# Required work
Working from the start of the listing, please write out exactly the lines through the one that holds "[picture b1s1: schematic", both included, and omit all pictures.

┌──

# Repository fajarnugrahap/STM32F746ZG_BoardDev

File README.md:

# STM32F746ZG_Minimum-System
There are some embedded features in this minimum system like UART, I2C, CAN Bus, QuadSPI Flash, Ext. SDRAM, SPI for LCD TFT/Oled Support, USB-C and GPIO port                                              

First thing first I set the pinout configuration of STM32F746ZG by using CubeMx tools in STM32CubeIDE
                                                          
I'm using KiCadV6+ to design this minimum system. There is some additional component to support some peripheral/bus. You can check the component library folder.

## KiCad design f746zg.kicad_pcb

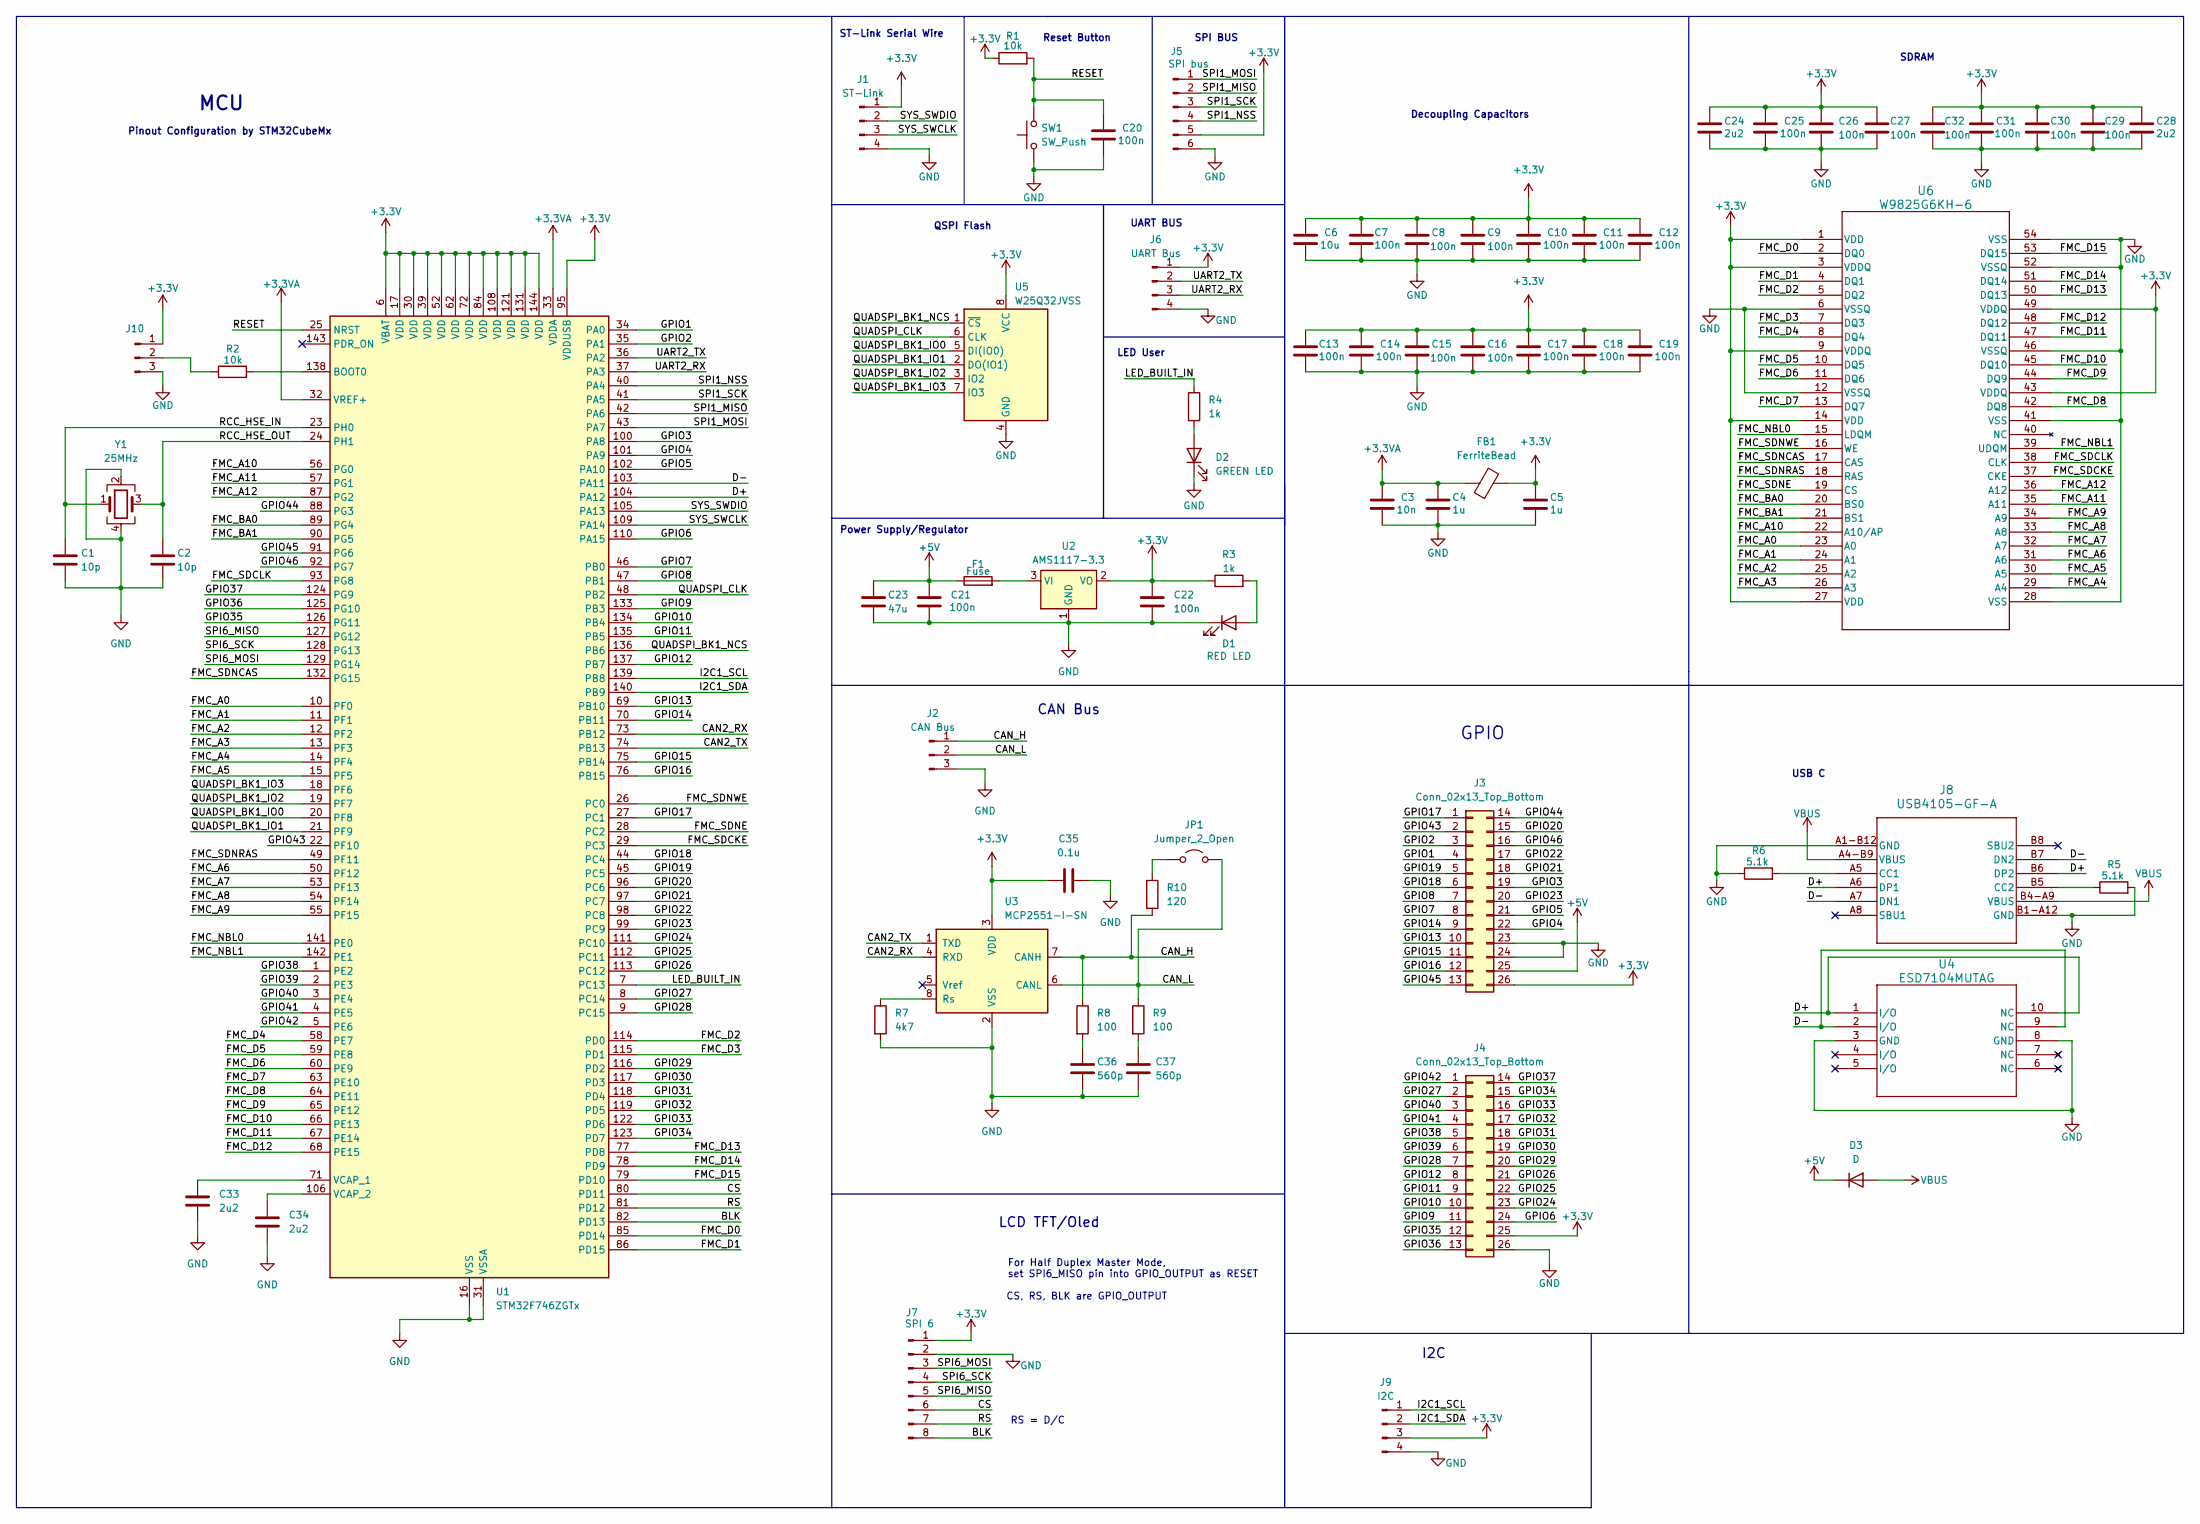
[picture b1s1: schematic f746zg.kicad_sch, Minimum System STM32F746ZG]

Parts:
C1, C2: 10p; C_0402_1005Metric
C3: 10n; C_0402_1005Metric
C4, C5: 1u; C_0603_1608Metric
C6: 10u; C_0805_2012Metric
C7, C8, C9, C10, C11, C12, C13, C14, C15, C16, C17, C18, C19, C20, C21, C22, C25, C26, C27, C29, C30, C31, C32: 100n; C_0402_1005Metric
C23: 47u; C_1206_3216Metric
C24, C28, C33, C34: 2u2; C_0603_1608Metric
C35: 0.1u; C_0402_1005Metric
C36, C37: 560p; C_0402_1005Metric
D1: RED LED; LED_0603_1608Metric
D2: GREEN LED; LED_0603_1608Metric
D3: D; D_SOD-323
F1: Fuse; Fuse_1206_3216Metric_Pad1.42x1.75mm_HandSolder
FB1: FerriteBead; L_0402_1005Metric
J1: ST-Link; PinHeader_1x04_P2.54mm_Vertical
J2: CAN Bus; JST_EH_B3B-EH-A_1x03_P2.50mm_Vertical
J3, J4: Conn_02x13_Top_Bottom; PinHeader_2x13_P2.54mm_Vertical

└──

# Result for this task
# Repository fajarnugrahap/STM32F746ZG_BoardDev

File README.md:

# STM32F746ZG_Minimum-System
There are some embedded features in this minimum system like UART, I2C, CAN Bus, QuadSPI Flash, Ext. SDRAM, SPI for LCD TFT/Oled Support, USB-C and GPIO port                                              

First thing first I set the pinout configuration of STM32F746ZG by using CubeMx tools in STM32CubeIDE
                                                          
I'm using KiCadV6+ to design this minimum system. There is some additional component to support some peripheral/bus. You can check the component library folder.

## KiCad design f746zg.kicad_pcb

[picture b1s1: schematic f746zg.kicad_sch, Minimum System STM32F746ZG]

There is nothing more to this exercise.